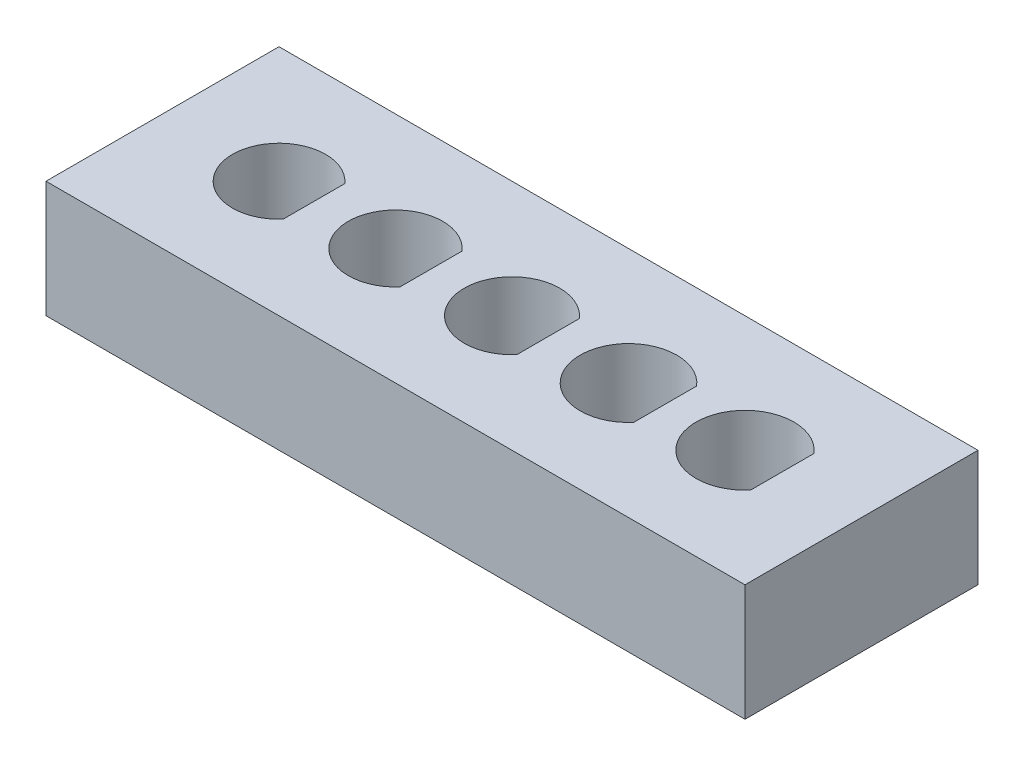
ISO-10303-21;
HEADER;
FILE_DESCRIPTION(('STEP AP214'),'2;1');
FILE_NAME('part.step','',(''),(''),'','','');
FILE_SCHEMA(('AUTOMOTIVE_DESIGN { 1 0 10303 214 1 1 1 1 }'));
ENDSEC;
DATA;
#1=APPLICATION_CONTEXT('core data for automotive mechanical design processes');
#2=APPLICATION_PROTOCOL_DEFINITION('international standard','automotive_design',2000,#1);
#3=PRODUCT_CONTEXT('',#1,'mechanical');
#4=PRODUCT('Part','Part','',(#3));
#5=PRODUCT_RELATED_PRODUCT_CATEGORY('part','',(#4));
#6=PRODUCT_DEFINITION_FORMATION('','',#4);
#7=PRODUCT_DEFINITION_CONTEXT('part definition',#1,'design');
#8=PRODUCT_DEFINITION('design','',#6,#7);
#9=PRODUCT_DEFINITION_SHAPE('','',#8);
#10=(LENGTH_UNIT() NAMED_UNIT(*) SI_UNIT(.MILLI.,.METRE.));
#11=(NAMED_UNIT(*) PLANE_ANGLE_UNIT() SI_UNIT($,.RADIAN.));
#12=(NAMED_UNIT(*) SI_UNIT($,.STERADIAN.) SOLID_ANGLE_UNIT());
#13=UNCERTAINTY_MEASURE_WITH_UNIT(LENGTH_MEASURE(1.E-05),#10,'distance_accuracy_value','');
#14=(GEOMETRIC_REPRESENTATION_CONTEXT(3) GLOBAL_UNCERTAINTY_ASSIGNED_CONTEXT((#13)) GLOBAL_UNIT_ASSIGNED_CONTEXT((#10,
#11,#12)) REPRESENTATION_CONTEXT('',''));
#15=CARTESIAN_POINT('',(0.,0.,0.));
#16=DIRECTION('',(0.,0.,1.));
#17=DIRECTION('',(1.,0.,0.));
#18=AXIS2_PLACEMENT_3D('',#15,#16,#17);
#19=CARTESIAN_POINT('',(15.,-5.,0.));
#20=DIRECTION('',(-1.,0.,0.));
#21=DIRECTION('',(0.,0.,1.));
#22=AXIS2_PLACEMENT_3D('',#19,#20,#21);
#23=PLANE('',#22);
#24=DIRECTION('',(0.,0.,1.));
#25=VECTOR('',#24,1.);
#26=CARTESIAN_POINT('',(15.,0.,0.));
#27=LINE('',#26,#25);
#28=CARTESIAN_POINT('',(15.,0.,-5.));
#29=VERTEX_POINT('',#28);
#30=CARTESIAN_POINT('',(15.,0.,5.));
#31=VERTEX_POINT('',#30);
#32=EDGE_CURVE('E215',#29,#31,#27,.T.);
#33=ORIENTED_EDGE('',*,*,#32,.T.);
#34=DIRECTION('',(0.,1.,0.));
#35=VECTOR('',#34,1.);
#36=CARTESIAN_POINT('',(15.,-5.,5.));
#37=LINE('',#36,#35);
#38=CARTESIAN_POINT('',(15.,-5.,5.));
#39=VERTEX_POINT('',#38);
#40=EDGE_CURVE('E11',#39,#31,#37,.T.);
#41=ORIENTED_EDGE('',*,*,#40,.F.);
#42=DIRECTION('',(0.,0.,1.));
#43=VECTOR('',#42,1.);
#44=CARTESIAN_POINT('',(15.,-5.,0.));
#45=LINE('',#44,#43);
#46=CARTESIAN_POINT('',(15.,-5.,-5.));
#47=VERTEX_POINT('',#46);
#48=EDGE_CURVE('E61',#47,#39,#45,.T.);
#49=ORIENTED_EDGE('',*,*,#48,.F.);
#50=DIRECTION('',(0.,1.,0.));
#51=VECTOR('',#50,1.);
#52=CARTESIAN_POINT('',(15.,-5.,-5.));
#53=LINE('',#52,#51);
#54=EDGE_CURVE('E159',#47,#29,#53,.T.);
#55=ORIENTED_EDGE('',*,*,#54,.T.);
#56=EDGE_LOOP('',(#33,#41,#49,#55));
#57=FACE_BOUND('',#56,.T.);
#58=ADVANCED_FACE('F41',(#57),#23,.F.);
#59=CARTESIAN_POINT('',(0.,-5.,5.));
#60=DIRECTION('',(0.,0.,1.));
#61=DIRECTION('',(1.,0.,0.));
#62=AXIS2_PLACEMENT_3D('',#59,#60,#61);
#63=PLANE('',#62);
#64=DIRECTION('',(1.,0.,0.));
#65=VECTOR('',#64,1.);
#66=CARTESIAN_POINT('',(0.,0.,5.));
#67=LINE('',#66,#65);
#68=CARTESIAN_POINT('',(-15.,0.,5.));
#69=VERTEX_POINT('',#68);
#70=EDGE_CURVE('E223',#69,#31,#67,.T.);
#71=ORIENTED_EDGE('',*,*,#70,.F.);
#72=DIRECTION('',(0.,1.,0.));
#73=VECTOR('',#72,1.);
#74=CARTESIAN_POINT('',(-15.,-5.,5.));
#75=LINE('',#74,#73);
#76=CARTESIAN_POINT('',(-15.,-5.,5.));
#77=VERTEX_POINT('',#76);
#78=EDGE_CURVE('E52',#77,#69,#75,.T.);
#79=ORIENTED_EDGE('',*,*,#78,.F.);
#80=DIRECTION('',(1.,0.,0.));
#81=VECTOR('',#80,1.);
#82=CARTESIAN_POINT('',(0.,-5.,5.));
#83=LINE('',#82,#81);
#84=EDGE_CURVE('E168',#77,#39,#83,.T.);
#85=ORIENTED_EDGE('',*,*,#84,.T.);
#86=ORIENTED_EDGE('',*,*,#40,.T.);
#87=EDGE_LOOP('',(#71,#79,#85,#86));
#88=FACE_BOUND('',#87,.T.);
#89=ADVANCED_FACE('F278',(#88),#63,.T.);
#90=CARTESIAN_POINT('',(-15.,-5.,0.));
#91=DIRECTION('',(-1.,0.,0.));
#92=DIRECTION('',(0.,0.,1.));
#93=AXIS2_PLACEMENT_3D('',#90,#91,#92);
#94=PLANE('',#93);
#95=DIRECTION('',(0.,0.,1.));
#96=VECTOR('',#95,1.);
#97=CARTESIAN_POINT('',(-15.,0.,0.));
#98=LINE('',#97,#96);
#99=CARTESIAN_POINT('',(-15.,0.,-5.));
#100=VERTEX_POINT('',#99);
#101=EDGE_CURVE('E155',#100,#69,#98,.T.);
#102=ORIENTED_EDGE('',*,*,#101,.F.);
#103=DIRECTION('',(0.,1.,0.));
#104=VECTOR('',#103,1.);
#105=CARTESIAN_POINT('',(-15.,-5.,-5.));
#106=LINE('',#105,#104);
#107=CARTESIAN_POINT('',(-15.,-5.,-5.));
#108=VERTEX_POINT('',#107);
#109=EDGE_CURVE('E150',#108,#100,#106,.T.);
#110=ORIENTED_EDGE('',*,*,#109,.F.);
#111=DIRECTION('',(0.,0.,1.));
#112=VECTOR('',#111,1.);
#113=CARTESIAN_POINT('',(-15.,-5.,0.));
#114=LINE('',#113,#112);
#115=EDGE_CURVE('E154',#108,#77,#114,.T.);
#116=ORIENTED_EDGE('',*,*,#115,.T.);
#117=ORIENTED_EDGE('',*,*,#78,.T.);
#118=EDGE_LOOP('',(#102,#110,#116,#117));
#119=FACE_BOUND('',#118,.T.);
#120=ADVANCED_FACE('F152',(#119),#94,.T.);
#121=CARTESIAN_POINT('',(-10.,-5.,0.));
#122=DIRECTION('',(0.,1.,0.));
#123=DIRECTION('',(0.,0.,1.));
#124=AXIS2_PLACEMENT_3D('',#121,#122,#123);
#125=CYLINDRICAL_SURFACE('',#124,2.);
#126=CARTESIAN_POINT('',(-10.,0.,0.));
#127=DIRECTION('',(0.,1.,0.));
#128=DIRECTION('',(0.,0.,1.));
#129=AXIS2_PLACEMENT_3D('',#126,#127,#128);
#130=CIRCLE('',#129,2.);
#131=CARTESIAN_POINT('',(-8.5,0.,-1.3228756555323));
#132=VERTEX_POINT('',#131);
#133=CARTESIAN_POINT('',(-8.5,0.,1.3228756555323));
#134=VERTEX_POINT('',#133);
#135=EDGE_CURVE('E207',#132,#134,#130,.T.);
#136=ORIENTED_EDGE('',*,*,#135,.T.);
#137=DIRECTION('',(0.,1.,0.));
#138=VECTOR('',#137,1.);
#139=CARTESIAN_POINT('',(-8.5,-5.,1.3228756555323));
#140=LINE('',#139,#138);
#141=CARTESIAN_POINT('',(-8.5,-5.,1.3228756555323));
#142=VERTEX_POINT('',#141);
#143=EDGE_CURVE('E232',#142,#134,#140,.T.);
#144=ORIENTED_EDGE('',*,*,#143,.F.);
#145=CARTESIAN_POINT('',(-10.,-5.,0.));
#146=DIRECTION('',(0.,1.,0.));
#147=DIRECTION('',(0.,0.,1.));
#148=AXIS2_PLACEMENT_3D('',#145,#146,#147);
#149=CIRCLE('',#148,2.);
#150=CARTESIAN_POINT('',(-8.5,-5.,-1.3228756555323));
#151=VERTEX_POINT('',#150);
#152=EDGE_CURVE('E346',#151,#142,#149,.T.);
#153=ORIENTED_EDGE('',*,*,#152,.F.);
#154=DIRECTION('',(0.,1.,0.));
#155=VECTOR('',#154,1.);
#156=CARTESIAN_POINT('',(-8.5,-5.,-1.3228756555323));
#157=LINE('',#156,#155);
#158=EDGE_CURVE('E235',#151,#132,#157,.T.);
#159=ORIENTED_EDGE('',*,*,#158,.T.);
#160=EDGE_LOOP('',(#136,#144,#153,#159));
#161=FACE_BOUND('',#160,.T.);
#162=ADVANCED_FACE('F292',(#161),#125,.F.);
#163=CARTESIAN_POINT('',(-5.,-5.,0.));
#164=DIRECTION('',(0.,1.,0.));
#165=DIRECTION('',(0.,0.,1.));
#166=AXIS2_PLACEMENT_3D('',#163,#164,#165);
#167=CYLINDRICAL_SURFACE('',#166,2.025);
#168=CARTESIAN_POINT('',(-5.,0.,0.));
#169=DIRECTION('',(0.,1.,0.));
#170=DIRECTION('',(0.,0.,1.));
#171=AXIS2_PLACEMENT_3D('',#168,#169,#170);
#172=CIRCLE('',#171,2.025);
#173=CARTESIAN_POINT('',(-3.475,0.,-1.33229125944742));
#174=VERTEX_POINT('',#173);
#175=CARTESIAN_POINT('',(-3.475,0.,1.33229125944742));
#176=VERTEX_POINT('',#175);
#177=EDGE_CURVE('E199',#174,#176,#172,.T.);
#178=ORIENTED_EDGE('',*,*,#177,.T.);
#179=DIRECTION('',(0.,1.,0.));
#180=VECTOR('',#179,1.);
#181=CARTESIAN_POINT('',(-3.475,-5.,1.33229125944742));
#182=LINE('',#181,#180);
#183=CARTESIAN_POINT('',(-3.475,-5.,1.33229125944742));
#184=VERTEX_POINT('',#183);
#185=EDGE_CURVE('E238',#184,#176,#182,.T.);
#186=ORIENTED_EDGE('',*,*,#185,.F.);
#187=CARTESIAN_POINT('',(-5.,-5.,0.));
#188=DIRECTION('',(0.,1.,0.));
#189=DIRECTION('',(0.,0.,1.));
#190=AXIS2_PLACEMENT_3D('',#187,#188,#189);
#191=CIRCLE('',#190,2.025);
#192=CARTESIAN_POINT('',(-3.475,-5.,-1.33229125944742));
#193=VERTEX_POINT('',#192);
#194=EDGE_CURVE('E339',#193,#184,#191,.T.);
#195=ORIENTED_EDGE('',*,*,#194,.F.);
#196=DIRECTION('',(0.,1.,0.));
#197=VECTOR('',#196,1.);
#198=CARTESIAN_POINT('',(-3.475,-5.,-1.33229125944742));
#199=LINE('',#198,#197);
#200=EDGE_CURVE('E241',#193,#174,#199,.T.);
#201=ORIENTED_EDGE('',*,*,#200,.T.);
#202=EDGE_LOOP('',(#178,#186,#195,#201));
#203=FACE_BOUND('',#202,.T.);
#204=ADVANCED_FACE('F295',(#203),#167,.F.);
#205=CARTESIAN_POINT('',(0.,-5.,0.));
#206=DIRECTION('',(0.,1.,0.));
#207=DIRECTION('',(0.,0.,1.));
#208=AXIS2_PLACEMENT_3D('',#205,#206,#207);
#209=CYLINDRICAL_SURFACE('',#208,2.05);
#210=CARTESIAN_POINT('',(0.,0.,0.));
#211=DIRECTION('',(0.,1.,0.));
#212=DIRECTION('',(0.,0.,1.));
#213=AXIS2_PLACEMENT_3D('',#210,#211,#212);
#214=CIRCLE('',#213,2.05);
#215=CARTESIAN_POINT('',(1.55,0.,-1.34164078649987));
#216=VERTEX_POINT('',#215);
#217=CARTESIAN_POINT('',(1.55,0.,1.34164078649987));
#218=VERTEX_POINT('',#217);
#219=EDGE_CURVE('E191',#216,#218,#214,.T.);
#220=ORIENTED_EDGE('',*,*,#219,.T.);
#221=DIRECTION('',(0.,1.,0.));
#222=VECTOR('',#221,1.);
#223=CARTESIAN_POINT('',(1.55,-5.,1.34164078649987));
#224=LINE('',#223,#222);
#225=CARTESIAN_POINT('',(1.55,-5.,1.34164078649987));
#226=VERTEX_POINT('',#225);
#227=EDGE_CURVE('E244',#226,#218,#224,.T.);
#228=ORIENTED_EDGE('',*,*,#227,.F.);
#229=CARTESIAN_POINT('',(0.,-5.,0.));
#230=DIRECTION('',(0.,1.,0.));
#231=DIRECTION('',(0.,0.,1.));
#232=AXIS2_PLACEMENT_3D('',#229,#230,#231);
#233=CIRCLE('',#232,2.05);
#234=CARTESIAN_POINT('',(1.55,-5.,-1.34164078649987));
#235=VERTEX_POINT('',#234);
#236=EDGE_CURVE('E325',#235,#226,#233,.T.);
#237=ORIENTED_EDGE('',*,*,#236,.F.);
#238=DIRECTION('',(0.,1.,0.));
#239=VECTOR('',#238,1.);
#240=CARTESIAN_POINT('',(1.55,-5.,-1.34164078649987));
#241=LINE('',#240,#239);
#242=EDGE_CURVE('E247',#235,#216,#241,.T.);
#243=ORIENTED_EDGE('',*,*,#242,.T.);
#244=EDGE_LOOP('',(#220,#228,#237,#243));
#245=FACE_BOUND('',#244,.T.);
#246=ADVANCED_FACE('F302',(#245),#209,.F.);
#247=CARTESIAN_POINT('',(5.,-5.,0.));
#248=DIRECTION('',(0.,1.,0.));
#249=DIRECTION('',(0.,0.,1.));
#250=AXIS2_PLACEMENT_3D('',#247,#248,#249);
#251=CYLINDRICAL_SURFACE('',#250,2.075);
#252=CARTESIAN_POINT('',(5.,0.,0.));
#253=DIRECTION('',(0.,1.,0.));
#254=DIRECTION('',(0.,0.,1.));
#255=AXIS2_PLACEMENT_3D('',#252,#253,#254);
#256=CIRCLE('',#255,2.075);
#257=CARTESIAN_POINT('',(6.575,0.,-1.35092560861063));
#258=VERTEX_POINT('',#257);
#259=CARTESIAN_POINT('',(6.575,0.,1.35092560861063));
#260=VERTEX_POINT('',#259);
#261=EDGE_CURVE('E183',#258,#260,#256,.T.);
#262=ORIENTED_EDGE('',*,*,#261,.T.);
#263=DIRECTION('',(0.,1.,0.));
#264=VECTOR('',#263,1.);
#265=CARTESIAN_POINT('',(6.575,-5.,1.35092560861063));
#266=LINE('',#265,#264);
#267=CARTESIAN_POINT('',(6.575,-5.,1.35092560861063));
#268=VERTEX_POINT('',#267);
#269=EDGE_CURVE('E250',#268,#260,#266,.T.);
#270=ORIENTED_EDGE('',*,*,#269,.F.);
#271=CARTESIAN_POINT('',(5.,-5.,0.));
#272=DIRECTION('',(0.,1.,0.));
#273=DIRECTION('',(0.,0.,1.));
#274=AXIS2_PLACEMENT_3D('',#271,#272,#273);
#275=CIRCLE('',#274,2.075);
#276=CARTESIAN_POINT('',(6.575,-5.,-1.35092560861063));
#277=VERTEX_POINT('',#276);
#278=EDGE_CURVE('E326',#277,#268,#275,.T.);
#279=ORIENTED_EDGE('',*,*,#278,.F.);
#280=DIRECTION('',(0.,1.,0.));
#281=VECTOR('',#280,1.);
#282=CARTESIAN_POINT('',(6.575,-5.,-1.35092560861063));
#283=LINE('',#282,#281);
#284=EDGE_CURVE('E253',#277,#258,#283,.T.);
#285=ORIENTED_EDGE('',*,*,#284,.T.);
#286=EDGE_LOOP('',(#262,#270,#279,#285));
#287=FACE_BOUND('',#286,.T.);
#288=ADVANCED_FACE('F308',(#287),#251,.F.);
#289=CARTESIAN_POINT('',(10.,-5.,0.));
#290=DIRECTION('',(0.,1.,0.));
#291=DIRECTION('',(0.,0.,1.));
#292=AXIS2_PLACEMENT_3D('',#289,#290,#291);
#293=CYLINDRICAL_SURFACE('',#292,2.1);
#294=CARTESIAN_POINT('',(10.,0.,0.));
#295=DIRECTION('',(0.,1.,0.));
#296=DIRECTION('',(0.,0.,1.));
#297=AXIS2_PLACEMENT_3D('',#294,#295,#296);
#298=CIRCLE('',#297,2.1);
#299=CARTESIAN_POINT('',(11.6,0.,-1.36014705087355));
#300=VERTEX_POINT('',#299);
#301=CARTESIAN_POINT('',(11.6,0.,1.36014705087355));
#302=VERTEX_POINT('',#301);
#303=EDGE_CURVE('E175',#300,#302,#298,.T.);
#304=ORIENTED_EDGE('',*,*,#303,.T.);
#305=DIRECTION('',(0.,1.,0.));
#306=VECTOR('',#305,1.);
#307=CARTESIAN_POINT('',(11.6,-5.,1.36014705087355));
#308=LINE('',#307,#306);
#309=CARTESIAN_POINT('',(11.6,-5.,1.36014705087355));
#310=VERTEX_POINT('',#309);
#311=EDGE_CURVE('E255',#310,#302,#308,.T.);
#312=ORIENTED_EDGE('',*,*,#311,.F.);
#313=CARTESIAN_POINT('',(10.,-5.,0.));
#314=DIRECTION('',(0.,1.,0.));
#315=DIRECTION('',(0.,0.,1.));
____
In the data above, find the line that contains "#261=EDGE_CURVE('E183',#258,#260,#256,.T.);" and the line that contains "#303=EDGE_CURVE('E175',#300,#302,#298,.T.);". Repeat exactly those lines and every line between them, and only those.

**Answer to this task**
#261=EDGE_CURVE('E183',#258,#260,#256,.T.);
#262=ORIENTED_EDGE('',*,*,#261,.T.);
#263=DIRECTION('',(0.,1.,0.));
#264=VECTOR('',#263,1.);
#265=CARTESIAN_POINT('',(6.575,-5.,1.35092560861063));
#266=LINE('',#265,#264);
#267=CARTESIAN_POINT('',(6.575,-5.,1.35092560861063));
#268=VERTEX_POINT('',#267);
#269=EDGE_CURVE('E250',#268,#260,#266,.T.);
#270=ORIENTED_EDGE('',*,*,#269,.F.);
#271=CARTESIAN_POINT('',(5.,-5.,0.));
#272=DIRECTION('',(0.,1.,0.));
#273=DIRECTION('',(0.,0.,1.));
#274=AXIS2_PLACEMENT_3D('',#271,#272,#273);
#275=CIRCLE('',#274,2.075);
#276=CARTESIAN_POINT('',(6.575,-5.,-1.35092560861063));
#277=VERTEX_POINT('',#276);
#278=EDGE_CURVE('E326',#277,#268,#275,.T.);
#279=ORIENTED_EDGE('',*,*,#278,.F.);
#280=DIRECTION('',(0.,1.,0.));
#281=VECTOR('',#280,1.);
#282=CARTESIAN_POINT('',(6.575,-5.,-1.35092560861063));
#283=LINE('',#282,#281);
#284=EDGE_CURVE('E253',#277,#258,#283,.T.);
#285=ORIENTED_EDGE('',*,*,#284,.T.);
#286=EDGE_LOOP('',(#262,#270,#279,#285));
#287=FACE_BOUND('',#286,.T.);
#288=ADVANCED_FACE('F308',(#287),#251,.F.);
#289=CARTESIAN_POINT('',(10.,-5.,0.));
#290=DIRECTION('',(0.,1.,0.));
#291=DIRECTION('',(0.,0.,1.));
#292=AXIS2_PLACEMENT_3D('',#289,#290,#291);
#293=CYLINDRICAL_SURFACE('',#292,2.1);
#294=CARTESIAN_POINT('',(10.,0.,0.));
#295=DIRECTION('',(0.,1.,0.));
#296=DIRECTION('',(0.,0.,1.));
#297=AXIS2_PLACEMENT_3D('',#294,#295,#296);
#298=CIRCLE('',#297,2.1);
#299=CARTESIAN_POINT('',(11.6,0.,-1.36014705087355));
#300=VERTEX_POINT('',#299);
#301=CARTESIAN_POINT('',(11.6,0.,1.36014705087355));
#302=VERTEX_POINT('',#301);
#303=EDGE_CURVE('E175',#300,#302,#298,.T.);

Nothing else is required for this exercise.